This is a short post about how I am using Language Model (LM) based tools in my day-to-day life.
There are two subscriptions which I heavily rely on:
- A Chat Bot service: So far, I have used ChatGPT Plus, Claude.ai or Gemini (whichever is performing the best at that point). ChatGPT and Claude’s free subscription allow usage of their most advanced models (GPT-4o, Claude 3.5 Sonnet), but the number of allowed requests are very limited, often not sufficient for my need. There is a drastic performance difference between the most advanced model and the default/cheaper model offered by these chatbots (e.g. GPT-4o vs GPT-4o-mini or Claude-3.5-Sonnet vs Claude-3-Haiku). The cheaper models often make naive mistakes creating an impression that language models are not yet up to the mark.
- Github copilot: This is a super helpful tool specifically geared towards software development activities like coding. It integrates well with editors like VSCode and helps to maintain the state of flow during development. I use Claude as well for the same purpose. Claude’s artifact feature is mind blowing (Example: Claude cloning an app). But, very recently (August 2024), I am observing performance degradation of Claude, while performance improvement of GPT-4o (Used by Github Copilot). Have I used Cursor? Not yet, but planning to use it pretty soon.
- Perplexity: Consider this as a search engine with whom you can chat while looking for relevant information.

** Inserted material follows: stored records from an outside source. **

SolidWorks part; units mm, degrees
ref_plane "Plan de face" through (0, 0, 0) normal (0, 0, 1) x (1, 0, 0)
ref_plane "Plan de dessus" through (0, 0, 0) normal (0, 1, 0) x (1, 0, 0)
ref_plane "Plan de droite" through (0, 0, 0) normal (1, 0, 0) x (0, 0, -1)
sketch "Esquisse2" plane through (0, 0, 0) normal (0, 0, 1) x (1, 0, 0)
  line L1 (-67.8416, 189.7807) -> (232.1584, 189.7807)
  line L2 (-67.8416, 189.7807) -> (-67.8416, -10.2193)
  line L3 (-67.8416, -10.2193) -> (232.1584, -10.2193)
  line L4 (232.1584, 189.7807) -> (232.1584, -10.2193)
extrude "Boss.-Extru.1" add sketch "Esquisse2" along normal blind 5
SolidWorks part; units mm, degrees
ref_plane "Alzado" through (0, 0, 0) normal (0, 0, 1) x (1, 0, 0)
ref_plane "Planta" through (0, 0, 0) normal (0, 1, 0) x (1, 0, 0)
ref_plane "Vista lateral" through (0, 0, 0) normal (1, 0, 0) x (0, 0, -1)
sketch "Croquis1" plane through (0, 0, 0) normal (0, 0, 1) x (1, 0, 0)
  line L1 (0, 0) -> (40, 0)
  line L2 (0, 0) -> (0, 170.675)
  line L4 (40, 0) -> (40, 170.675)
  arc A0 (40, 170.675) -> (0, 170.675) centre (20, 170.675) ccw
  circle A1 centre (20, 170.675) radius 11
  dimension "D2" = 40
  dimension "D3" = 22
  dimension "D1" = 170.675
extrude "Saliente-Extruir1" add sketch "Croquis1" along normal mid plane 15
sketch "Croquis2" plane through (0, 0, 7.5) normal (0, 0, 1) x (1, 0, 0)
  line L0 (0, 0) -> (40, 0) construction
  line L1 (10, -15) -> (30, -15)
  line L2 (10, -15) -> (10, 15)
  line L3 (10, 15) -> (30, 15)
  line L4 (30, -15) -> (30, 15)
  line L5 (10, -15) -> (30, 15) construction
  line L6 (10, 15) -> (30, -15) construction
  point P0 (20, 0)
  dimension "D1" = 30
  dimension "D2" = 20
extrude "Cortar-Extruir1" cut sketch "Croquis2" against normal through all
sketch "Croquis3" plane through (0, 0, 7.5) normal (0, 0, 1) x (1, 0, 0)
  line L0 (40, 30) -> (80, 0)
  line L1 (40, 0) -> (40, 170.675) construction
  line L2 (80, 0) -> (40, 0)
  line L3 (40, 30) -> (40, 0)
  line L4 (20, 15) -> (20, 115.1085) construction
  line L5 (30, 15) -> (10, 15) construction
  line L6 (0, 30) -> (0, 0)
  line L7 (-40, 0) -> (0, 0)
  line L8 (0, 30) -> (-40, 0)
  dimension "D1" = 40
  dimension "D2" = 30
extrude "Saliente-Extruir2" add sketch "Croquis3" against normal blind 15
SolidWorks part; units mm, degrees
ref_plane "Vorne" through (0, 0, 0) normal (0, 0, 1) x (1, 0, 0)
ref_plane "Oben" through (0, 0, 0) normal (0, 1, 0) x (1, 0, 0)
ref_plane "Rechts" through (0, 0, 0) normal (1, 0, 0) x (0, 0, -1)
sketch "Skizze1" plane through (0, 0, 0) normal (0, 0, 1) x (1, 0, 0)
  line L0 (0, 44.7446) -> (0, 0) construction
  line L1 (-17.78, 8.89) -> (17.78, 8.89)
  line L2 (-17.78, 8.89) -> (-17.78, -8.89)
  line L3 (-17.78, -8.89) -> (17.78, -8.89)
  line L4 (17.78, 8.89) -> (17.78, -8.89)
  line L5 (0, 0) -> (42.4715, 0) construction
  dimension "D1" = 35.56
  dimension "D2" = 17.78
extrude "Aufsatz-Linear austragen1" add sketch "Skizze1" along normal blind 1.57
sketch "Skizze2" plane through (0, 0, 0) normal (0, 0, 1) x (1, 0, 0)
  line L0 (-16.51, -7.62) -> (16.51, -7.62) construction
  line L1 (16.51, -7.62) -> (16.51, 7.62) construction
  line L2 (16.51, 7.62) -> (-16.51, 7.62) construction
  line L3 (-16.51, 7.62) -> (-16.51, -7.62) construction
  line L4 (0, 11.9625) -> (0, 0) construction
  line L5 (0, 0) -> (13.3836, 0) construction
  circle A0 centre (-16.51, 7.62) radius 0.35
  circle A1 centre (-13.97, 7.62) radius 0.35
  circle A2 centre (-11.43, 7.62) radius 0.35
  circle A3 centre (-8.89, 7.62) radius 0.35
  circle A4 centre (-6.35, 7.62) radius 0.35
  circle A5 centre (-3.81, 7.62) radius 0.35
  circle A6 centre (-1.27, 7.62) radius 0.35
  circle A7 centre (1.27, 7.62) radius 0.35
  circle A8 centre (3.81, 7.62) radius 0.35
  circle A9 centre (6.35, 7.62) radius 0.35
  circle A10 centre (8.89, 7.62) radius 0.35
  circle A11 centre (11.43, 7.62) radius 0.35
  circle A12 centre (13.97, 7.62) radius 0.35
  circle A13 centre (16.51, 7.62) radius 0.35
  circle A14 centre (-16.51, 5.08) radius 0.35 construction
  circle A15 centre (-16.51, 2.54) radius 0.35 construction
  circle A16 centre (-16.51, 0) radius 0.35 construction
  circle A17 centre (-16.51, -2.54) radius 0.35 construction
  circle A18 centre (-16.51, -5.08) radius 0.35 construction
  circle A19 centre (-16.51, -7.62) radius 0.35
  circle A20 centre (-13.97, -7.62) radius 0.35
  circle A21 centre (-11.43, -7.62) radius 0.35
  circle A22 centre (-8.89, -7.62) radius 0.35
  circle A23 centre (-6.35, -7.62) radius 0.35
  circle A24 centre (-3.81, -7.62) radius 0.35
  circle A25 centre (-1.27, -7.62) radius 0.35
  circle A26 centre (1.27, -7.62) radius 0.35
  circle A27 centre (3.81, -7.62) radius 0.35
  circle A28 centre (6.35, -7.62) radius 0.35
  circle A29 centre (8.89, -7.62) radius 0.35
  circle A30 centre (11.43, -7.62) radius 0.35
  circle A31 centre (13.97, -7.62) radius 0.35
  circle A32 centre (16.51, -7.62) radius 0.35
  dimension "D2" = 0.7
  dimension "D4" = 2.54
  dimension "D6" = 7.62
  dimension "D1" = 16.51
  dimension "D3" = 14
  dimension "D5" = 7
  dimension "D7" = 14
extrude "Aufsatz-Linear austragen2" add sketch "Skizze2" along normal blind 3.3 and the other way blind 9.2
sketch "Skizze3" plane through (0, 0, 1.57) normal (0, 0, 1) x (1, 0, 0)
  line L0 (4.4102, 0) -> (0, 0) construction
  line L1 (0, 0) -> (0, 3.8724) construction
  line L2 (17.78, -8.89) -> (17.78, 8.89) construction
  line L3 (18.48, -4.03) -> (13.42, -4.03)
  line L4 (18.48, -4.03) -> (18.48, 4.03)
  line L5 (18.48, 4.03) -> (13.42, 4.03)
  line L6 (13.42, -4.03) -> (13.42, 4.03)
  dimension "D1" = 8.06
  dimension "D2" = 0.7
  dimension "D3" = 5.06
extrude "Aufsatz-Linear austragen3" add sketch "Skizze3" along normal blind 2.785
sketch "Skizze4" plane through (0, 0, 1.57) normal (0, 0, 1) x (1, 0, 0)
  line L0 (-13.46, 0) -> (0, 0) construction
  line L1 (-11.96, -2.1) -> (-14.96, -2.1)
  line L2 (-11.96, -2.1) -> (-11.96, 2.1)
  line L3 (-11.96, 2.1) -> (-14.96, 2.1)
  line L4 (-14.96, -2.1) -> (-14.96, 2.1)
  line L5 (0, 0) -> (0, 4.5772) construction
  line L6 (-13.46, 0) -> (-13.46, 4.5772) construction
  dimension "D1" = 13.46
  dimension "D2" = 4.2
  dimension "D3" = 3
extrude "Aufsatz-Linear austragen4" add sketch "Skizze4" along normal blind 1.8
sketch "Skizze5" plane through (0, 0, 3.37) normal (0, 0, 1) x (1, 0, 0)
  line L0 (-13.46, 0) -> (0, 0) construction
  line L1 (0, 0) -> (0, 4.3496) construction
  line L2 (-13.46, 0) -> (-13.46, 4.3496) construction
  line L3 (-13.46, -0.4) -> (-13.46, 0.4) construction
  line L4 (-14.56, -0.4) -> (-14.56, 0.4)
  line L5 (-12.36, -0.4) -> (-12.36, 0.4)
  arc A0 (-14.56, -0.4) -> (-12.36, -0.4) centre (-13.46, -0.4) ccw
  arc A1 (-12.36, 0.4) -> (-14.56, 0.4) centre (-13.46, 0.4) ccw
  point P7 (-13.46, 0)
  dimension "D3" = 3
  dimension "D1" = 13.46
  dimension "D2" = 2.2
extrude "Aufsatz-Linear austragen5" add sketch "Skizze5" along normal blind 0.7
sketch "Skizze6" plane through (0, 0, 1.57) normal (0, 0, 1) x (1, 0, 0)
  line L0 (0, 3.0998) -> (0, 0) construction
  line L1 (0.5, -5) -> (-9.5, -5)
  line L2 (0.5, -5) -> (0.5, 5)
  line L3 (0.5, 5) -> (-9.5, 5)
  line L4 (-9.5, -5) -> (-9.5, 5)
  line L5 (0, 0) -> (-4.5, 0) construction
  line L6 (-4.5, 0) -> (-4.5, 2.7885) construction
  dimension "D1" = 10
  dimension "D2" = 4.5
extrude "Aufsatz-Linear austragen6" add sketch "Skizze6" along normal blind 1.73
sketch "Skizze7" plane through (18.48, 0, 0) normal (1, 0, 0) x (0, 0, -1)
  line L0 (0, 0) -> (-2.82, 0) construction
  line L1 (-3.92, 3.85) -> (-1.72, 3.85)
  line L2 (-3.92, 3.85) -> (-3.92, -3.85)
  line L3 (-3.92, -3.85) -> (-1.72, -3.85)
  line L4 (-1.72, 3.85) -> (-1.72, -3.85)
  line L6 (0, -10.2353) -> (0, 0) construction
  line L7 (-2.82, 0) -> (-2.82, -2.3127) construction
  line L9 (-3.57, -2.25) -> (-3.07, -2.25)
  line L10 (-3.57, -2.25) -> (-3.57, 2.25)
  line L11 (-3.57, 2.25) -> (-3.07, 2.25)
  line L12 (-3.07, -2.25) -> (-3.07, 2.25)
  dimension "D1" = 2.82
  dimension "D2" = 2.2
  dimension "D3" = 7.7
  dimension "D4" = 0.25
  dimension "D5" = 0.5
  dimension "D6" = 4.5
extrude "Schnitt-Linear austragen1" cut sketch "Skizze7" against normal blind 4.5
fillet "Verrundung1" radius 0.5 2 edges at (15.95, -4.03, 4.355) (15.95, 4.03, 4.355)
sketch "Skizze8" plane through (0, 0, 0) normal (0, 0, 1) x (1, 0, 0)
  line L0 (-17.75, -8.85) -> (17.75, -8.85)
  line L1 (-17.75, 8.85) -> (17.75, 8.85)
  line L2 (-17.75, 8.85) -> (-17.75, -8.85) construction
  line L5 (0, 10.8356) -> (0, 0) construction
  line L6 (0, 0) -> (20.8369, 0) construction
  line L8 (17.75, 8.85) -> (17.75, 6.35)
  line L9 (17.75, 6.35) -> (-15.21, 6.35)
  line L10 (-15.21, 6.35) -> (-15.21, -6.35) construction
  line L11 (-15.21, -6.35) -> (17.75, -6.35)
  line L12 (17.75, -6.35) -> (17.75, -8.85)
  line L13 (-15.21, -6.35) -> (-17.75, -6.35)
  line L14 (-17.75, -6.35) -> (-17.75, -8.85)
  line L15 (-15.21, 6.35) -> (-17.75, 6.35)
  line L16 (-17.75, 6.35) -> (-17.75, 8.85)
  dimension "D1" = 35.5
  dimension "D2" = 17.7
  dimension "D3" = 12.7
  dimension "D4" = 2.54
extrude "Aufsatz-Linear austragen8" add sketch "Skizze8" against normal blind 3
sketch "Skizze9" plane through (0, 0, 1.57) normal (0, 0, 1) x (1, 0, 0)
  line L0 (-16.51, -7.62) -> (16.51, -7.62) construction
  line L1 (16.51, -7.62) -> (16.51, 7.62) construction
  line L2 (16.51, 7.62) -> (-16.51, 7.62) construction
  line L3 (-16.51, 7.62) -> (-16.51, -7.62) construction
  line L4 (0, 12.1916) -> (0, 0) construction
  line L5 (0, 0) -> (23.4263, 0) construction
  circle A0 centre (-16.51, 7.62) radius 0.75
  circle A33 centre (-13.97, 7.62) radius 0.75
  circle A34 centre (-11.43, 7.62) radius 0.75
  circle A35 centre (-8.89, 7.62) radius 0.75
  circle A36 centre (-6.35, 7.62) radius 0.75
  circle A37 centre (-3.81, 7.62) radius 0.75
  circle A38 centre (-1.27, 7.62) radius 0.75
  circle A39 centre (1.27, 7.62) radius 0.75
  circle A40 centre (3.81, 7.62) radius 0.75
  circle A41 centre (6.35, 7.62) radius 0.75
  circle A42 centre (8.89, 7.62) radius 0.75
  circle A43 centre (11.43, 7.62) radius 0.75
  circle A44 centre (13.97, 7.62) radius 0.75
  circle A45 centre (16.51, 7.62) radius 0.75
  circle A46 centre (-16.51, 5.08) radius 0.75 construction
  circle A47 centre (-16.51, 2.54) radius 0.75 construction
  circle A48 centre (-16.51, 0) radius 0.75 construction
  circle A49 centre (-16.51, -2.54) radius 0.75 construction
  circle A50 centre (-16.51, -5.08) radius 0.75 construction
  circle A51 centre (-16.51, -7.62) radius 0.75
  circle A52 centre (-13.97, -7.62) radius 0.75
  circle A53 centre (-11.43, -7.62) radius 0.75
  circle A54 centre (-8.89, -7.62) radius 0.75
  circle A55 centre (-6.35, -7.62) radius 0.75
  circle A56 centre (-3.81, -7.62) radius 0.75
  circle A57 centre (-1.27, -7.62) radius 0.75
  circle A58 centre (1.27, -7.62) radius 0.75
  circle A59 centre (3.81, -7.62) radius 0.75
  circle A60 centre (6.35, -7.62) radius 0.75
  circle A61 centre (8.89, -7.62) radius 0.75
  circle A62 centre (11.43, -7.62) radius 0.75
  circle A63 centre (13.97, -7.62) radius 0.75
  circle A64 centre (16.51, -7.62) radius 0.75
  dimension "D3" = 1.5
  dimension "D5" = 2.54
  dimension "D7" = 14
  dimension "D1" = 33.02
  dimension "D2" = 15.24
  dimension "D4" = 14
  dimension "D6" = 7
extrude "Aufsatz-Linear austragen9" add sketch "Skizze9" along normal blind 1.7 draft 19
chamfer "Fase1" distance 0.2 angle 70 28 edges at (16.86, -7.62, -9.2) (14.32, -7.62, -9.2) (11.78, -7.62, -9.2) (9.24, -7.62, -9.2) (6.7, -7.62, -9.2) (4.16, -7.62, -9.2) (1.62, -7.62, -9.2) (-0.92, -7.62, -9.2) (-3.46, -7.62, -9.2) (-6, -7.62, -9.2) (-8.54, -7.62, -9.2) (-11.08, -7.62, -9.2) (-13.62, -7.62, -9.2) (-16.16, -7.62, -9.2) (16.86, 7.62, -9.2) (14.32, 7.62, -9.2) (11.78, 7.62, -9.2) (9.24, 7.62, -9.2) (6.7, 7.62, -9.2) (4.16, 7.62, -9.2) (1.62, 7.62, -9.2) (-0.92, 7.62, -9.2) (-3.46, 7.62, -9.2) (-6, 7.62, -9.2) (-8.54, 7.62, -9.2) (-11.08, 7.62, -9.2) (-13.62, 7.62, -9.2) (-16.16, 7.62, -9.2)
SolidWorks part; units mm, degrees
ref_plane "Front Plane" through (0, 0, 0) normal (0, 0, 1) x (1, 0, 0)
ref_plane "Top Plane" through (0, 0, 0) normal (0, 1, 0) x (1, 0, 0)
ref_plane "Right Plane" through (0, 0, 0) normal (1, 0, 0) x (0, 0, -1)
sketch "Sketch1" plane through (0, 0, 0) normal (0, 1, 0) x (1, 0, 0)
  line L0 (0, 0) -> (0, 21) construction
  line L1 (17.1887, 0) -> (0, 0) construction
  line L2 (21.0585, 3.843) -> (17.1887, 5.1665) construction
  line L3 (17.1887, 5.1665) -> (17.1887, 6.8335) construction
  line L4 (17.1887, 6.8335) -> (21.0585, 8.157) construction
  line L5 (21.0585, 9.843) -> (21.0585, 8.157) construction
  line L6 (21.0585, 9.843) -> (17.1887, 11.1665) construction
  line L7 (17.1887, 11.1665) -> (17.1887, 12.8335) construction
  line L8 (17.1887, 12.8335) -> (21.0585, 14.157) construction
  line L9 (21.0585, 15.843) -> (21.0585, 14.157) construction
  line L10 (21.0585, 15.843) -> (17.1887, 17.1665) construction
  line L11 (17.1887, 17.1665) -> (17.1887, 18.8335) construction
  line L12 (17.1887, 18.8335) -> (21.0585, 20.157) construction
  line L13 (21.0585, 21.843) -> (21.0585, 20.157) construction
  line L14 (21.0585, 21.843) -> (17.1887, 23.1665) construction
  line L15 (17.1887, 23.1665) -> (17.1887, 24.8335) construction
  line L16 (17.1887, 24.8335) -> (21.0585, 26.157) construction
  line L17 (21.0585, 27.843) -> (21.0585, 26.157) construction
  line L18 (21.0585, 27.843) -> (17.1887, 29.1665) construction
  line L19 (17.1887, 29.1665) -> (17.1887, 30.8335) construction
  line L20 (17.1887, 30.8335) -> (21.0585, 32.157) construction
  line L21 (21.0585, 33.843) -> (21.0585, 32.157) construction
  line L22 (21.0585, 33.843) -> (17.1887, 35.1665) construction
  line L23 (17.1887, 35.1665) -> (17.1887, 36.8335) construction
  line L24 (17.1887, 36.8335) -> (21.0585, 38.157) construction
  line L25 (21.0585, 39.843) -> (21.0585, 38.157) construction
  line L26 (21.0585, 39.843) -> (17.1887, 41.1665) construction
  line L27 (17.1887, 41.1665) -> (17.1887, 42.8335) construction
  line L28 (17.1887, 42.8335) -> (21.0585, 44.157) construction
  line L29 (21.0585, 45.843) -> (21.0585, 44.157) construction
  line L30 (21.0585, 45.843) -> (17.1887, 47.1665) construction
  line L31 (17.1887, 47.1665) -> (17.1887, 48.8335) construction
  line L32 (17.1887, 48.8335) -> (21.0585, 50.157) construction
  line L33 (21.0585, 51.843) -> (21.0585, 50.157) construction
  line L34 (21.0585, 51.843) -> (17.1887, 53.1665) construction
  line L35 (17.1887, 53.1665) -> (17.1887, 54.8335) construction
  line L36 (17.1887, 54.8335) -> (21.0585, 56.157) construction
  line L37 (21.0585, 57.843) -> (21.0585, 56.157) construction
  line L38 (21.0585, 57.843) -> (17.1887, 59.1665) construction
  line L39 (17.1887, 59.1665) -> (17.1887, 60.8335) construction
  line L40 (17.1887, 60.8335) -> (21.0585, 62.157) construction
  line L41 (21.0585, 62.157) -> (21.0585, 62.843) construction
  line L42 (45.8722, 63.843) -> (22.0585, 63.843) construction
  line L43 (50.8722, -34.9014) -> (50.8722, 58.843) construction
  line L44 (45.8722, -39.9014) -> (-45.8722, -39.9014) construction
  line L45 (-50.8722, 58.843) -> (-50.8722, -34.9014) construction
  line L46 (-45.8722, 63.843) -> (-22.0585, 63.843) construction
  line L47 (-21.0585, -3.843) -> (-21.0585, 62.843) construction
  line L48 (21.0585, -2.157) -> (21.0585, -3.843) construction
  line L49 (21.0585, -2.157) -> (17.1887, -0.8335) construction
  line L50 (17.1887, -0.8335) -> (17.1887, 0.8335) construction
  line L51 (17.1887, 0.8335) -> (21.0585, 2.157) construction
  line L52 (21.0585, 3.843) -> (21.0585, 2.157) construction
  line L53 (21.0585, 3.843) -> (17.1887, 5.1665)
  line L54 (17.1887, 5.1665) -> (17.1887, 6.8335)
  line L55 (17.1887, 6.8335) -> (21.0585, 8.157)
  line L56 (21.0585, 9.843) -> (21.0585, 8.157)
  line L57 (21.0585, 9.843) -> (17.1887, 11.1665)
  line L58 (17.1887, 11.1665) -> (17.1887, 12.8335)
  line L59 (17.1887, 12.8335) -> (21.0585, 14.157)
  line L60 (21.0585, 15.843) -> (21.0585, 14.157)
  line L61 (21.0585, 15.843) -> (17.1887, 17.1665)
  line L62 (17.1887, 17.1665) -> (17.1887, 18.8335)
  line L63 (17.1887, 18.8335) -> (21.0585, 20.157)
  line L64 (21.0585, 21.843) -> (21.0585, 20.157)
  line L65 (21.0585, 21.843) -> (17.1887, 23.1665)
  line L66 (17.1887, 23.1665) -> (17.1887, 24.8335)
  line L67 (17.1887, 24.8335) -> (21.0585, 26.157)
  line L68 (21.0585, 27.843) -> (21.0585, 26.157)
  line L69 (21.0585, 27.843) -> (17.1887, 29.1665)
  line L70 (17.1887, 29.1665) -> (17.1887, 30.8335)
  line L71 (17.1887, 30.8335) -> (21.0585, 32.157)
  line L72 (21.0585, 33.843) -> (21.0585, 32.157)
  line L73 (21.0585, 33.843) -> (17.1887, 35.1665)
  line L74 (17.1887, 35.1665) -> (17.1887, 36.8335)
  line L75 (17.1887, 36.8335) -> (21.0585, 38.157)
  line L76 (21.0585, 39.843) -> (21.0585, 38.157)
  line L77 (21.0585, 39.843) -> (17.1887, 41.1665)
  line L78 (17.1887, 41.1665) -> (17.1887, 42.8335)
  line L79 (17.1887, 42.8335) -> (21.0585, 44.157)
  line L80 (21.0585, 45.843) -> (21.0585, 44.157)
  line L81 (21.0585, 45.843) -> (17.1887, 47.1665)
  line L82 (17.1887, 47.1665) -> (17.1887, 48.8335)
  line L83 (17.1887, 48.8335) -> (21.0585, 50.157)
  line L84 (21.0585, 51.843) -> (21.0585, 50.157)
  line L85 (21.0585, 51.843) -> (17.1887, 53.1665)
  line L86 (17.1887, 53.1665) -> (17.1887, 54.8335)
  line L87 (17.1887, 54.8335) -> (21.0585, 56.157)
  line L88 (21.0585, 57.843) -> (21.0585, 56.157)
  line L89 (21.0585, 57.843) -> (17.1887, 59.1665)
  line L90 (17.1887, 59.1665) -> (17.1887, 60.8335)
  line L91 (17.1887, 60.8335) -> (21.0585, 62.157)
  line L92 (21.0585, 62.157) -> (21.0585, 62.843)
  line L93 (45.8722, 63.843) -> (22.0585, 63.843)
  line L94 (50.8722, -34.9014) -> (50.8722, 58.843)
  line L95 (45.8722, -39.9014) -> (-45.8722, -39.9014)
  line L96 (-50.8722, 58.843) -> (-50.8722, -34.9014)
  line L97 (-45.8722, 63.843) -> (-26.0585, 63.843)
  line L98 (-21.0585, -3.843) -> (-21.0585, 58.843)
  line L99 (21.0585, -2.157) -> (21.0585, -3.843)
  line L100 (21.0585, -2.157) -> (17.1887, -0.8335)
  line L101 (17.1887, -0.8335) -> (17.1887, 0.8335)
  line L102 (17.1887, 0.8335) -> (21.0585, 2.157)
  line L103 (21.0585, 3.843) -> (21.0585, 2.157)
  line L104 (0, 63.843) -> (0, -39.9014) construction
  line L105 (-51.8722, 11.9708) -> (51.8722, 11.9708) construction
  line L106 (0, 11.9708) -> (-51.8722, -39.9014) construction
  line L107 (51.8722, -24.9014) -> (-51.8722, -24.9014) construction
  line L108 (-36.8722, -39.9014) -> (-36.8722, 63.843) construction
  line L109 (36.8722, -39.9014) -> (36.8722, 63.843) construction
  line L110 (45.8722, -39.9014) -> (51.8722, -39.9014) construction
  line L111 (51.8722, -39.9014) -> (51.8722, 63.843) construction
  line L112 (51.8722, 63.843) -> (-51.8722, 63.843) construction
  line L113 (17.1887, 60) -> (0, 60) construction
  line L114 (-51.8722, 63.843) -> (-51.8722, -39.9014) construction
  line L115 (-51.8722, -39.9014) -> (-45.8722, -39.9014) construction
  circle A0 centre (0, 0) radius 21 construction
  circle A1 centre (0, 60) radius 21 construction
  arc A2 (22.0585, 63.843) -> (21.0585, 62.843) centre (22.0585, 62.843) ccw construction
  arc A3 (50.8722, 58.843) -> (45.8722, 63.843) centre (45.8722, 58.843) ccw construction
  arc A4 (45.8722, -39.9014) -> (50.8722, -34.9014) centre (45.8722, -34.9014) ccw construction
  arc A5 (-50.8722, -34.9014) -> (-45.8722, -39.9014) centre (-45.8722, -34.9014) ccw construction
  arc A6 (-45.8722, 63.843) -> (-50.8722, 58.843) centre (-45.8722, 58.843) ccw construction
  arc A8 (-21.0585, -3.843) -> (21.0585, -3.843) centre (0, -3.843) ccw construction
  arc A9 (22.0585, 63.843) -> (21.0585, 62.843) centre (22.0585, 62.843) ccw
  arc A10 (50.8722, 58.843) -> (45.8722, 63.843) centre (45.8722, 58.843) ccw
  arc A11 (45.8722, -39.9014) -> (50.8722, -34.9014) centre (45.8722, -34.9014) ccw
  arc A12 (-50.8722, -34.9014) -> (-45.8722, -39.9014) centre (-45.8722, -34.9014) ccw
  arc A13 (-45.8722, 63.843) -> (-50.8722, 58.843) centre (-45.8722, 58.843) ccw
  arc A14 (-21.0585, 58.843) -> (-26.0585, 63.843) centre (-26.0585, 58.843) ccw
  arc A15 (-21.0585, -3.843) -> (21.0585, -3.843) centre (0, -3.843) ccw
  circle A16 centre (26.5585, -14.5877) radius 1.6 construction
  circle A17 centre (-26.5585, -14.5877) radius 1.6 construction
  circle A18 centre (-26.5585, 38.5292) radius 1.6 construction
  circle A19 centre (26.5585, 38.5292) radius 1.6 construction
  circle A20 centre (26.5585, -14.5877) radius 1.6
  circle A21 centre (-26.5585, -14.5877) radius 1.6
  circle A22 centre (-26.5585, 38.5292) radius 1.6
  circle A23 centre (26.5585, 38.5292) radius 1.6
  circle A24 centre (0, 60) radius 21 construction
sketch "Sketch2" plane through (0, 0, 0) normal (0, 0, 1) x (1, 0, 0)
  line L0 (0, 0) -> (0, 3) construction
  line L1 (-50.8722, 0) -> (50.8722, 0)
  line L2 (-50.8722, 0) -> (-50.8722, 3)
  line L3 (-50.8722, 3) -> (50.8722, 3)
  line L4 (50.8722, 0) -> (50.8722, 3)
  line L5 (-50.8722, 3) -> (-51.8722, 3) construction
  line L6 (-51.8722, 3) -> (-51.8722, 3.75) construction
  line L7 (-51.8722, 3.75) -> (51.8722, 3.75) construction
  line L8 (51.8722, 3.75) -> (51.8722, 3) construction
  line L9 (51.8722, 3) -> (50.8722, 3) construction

It’s already performing much better compared to Google. However, I have not yet bought their subscription. My limited need is mostly fulfilled by their Pro-Mode. I have heard lot of good things about Kagi as well, but used it till now.
There are several occasions where these tools have helped me complete my work in few hours which could have easily took me weeks just a year before. With these tools, I have dealt with domain specific problems, which I had no clue about, in a matter of hours/days.
I use the Chat bots regularly at home as well. I use those while helping my daughters’ with their study. LMs elaborate most of concepts in a very intuitive way compared to the text books. We use those:
- while introducing to new concepts (What is group theory? Explain for a high school student)
- to look for answers of adhoc questions (How sand paper is harder than metal?) arising in their mind while studying
- for understanding images from their text books which lack detailed description (take a photo, upload and ask LM to describe).
- to generate images accompanying their writings
I ask LMs to suggest me books on my topics of interest. I’ve been using Amazon’s recommendation system intensely for last several years. It has helped me to find out many interesting books for myself, my wife, daughters and our parents. Initially I was skeptical if LM would be able to do justice to my need. Over time, I am realizing that GPT does it really well. For a topic, it returns probably the best 4/5 books. Many times it has introduced me to the books which are not widely popular, but critically acclaimed.
Chatbots helps me with boring house hold tasks as well:
- During income tax filing, I had to deal with a some numbers from a not so friendly pdf document. I quickly took a photo and asked claude to create a CSV out of it saving an hour on a Saturday morning.
- Here is another interesting example. I sent my 12 year old car for servicing. The agency sent a bunch of photos of parts which are broken. I asked GPT to describe those parts and how those are related. For a person like me whose knowledge about car is limited to clutch, break and accelerator, that was a great help.
Few cases where I don’t use LMs:
- First one is while solving (advanced) math problems with my daughters. I prefer to sit on a problem for hours than to look for a solution. I believe, in coming years, our mind and brain are going to be the only thing which would differentiate us from the machines. So, we better increase their usage.
- During our morning walk, my wife often becomes curious about the trees we see around our neighbouring lake. For Indian origin trees, GPT has not worked well so far. Google’s image search still performs better.
- Finally, I don’t use LMs to write posts or emails, but I ask it to check for spelling and grammar (“You are my editor, but don’t modify the content”). I strictly prefer to stick to my “not so great” style of writing. After spending hundreds of hours with LMs, most often I am able to distinguish AI generated texts from human composed texts.
During my college days, one of my math teachers (probably, in his early 50s) told us that he doesn’t want to learn to use computer in his lifetime. I am sure he regretted his decision pretty quickly. So, don’t be like my math teacher. If you are a knowledge worker, start using LM based tools for day-to-day life. This will not only increase your productivity, but will give you a glimpse of the “irreversible artificial future” where humanity is heading towards sooner than we all can imagine.
Thanks to my wife, Indrani for reviewing and editing this post. The feature image is generated by Gemini Imagen 3.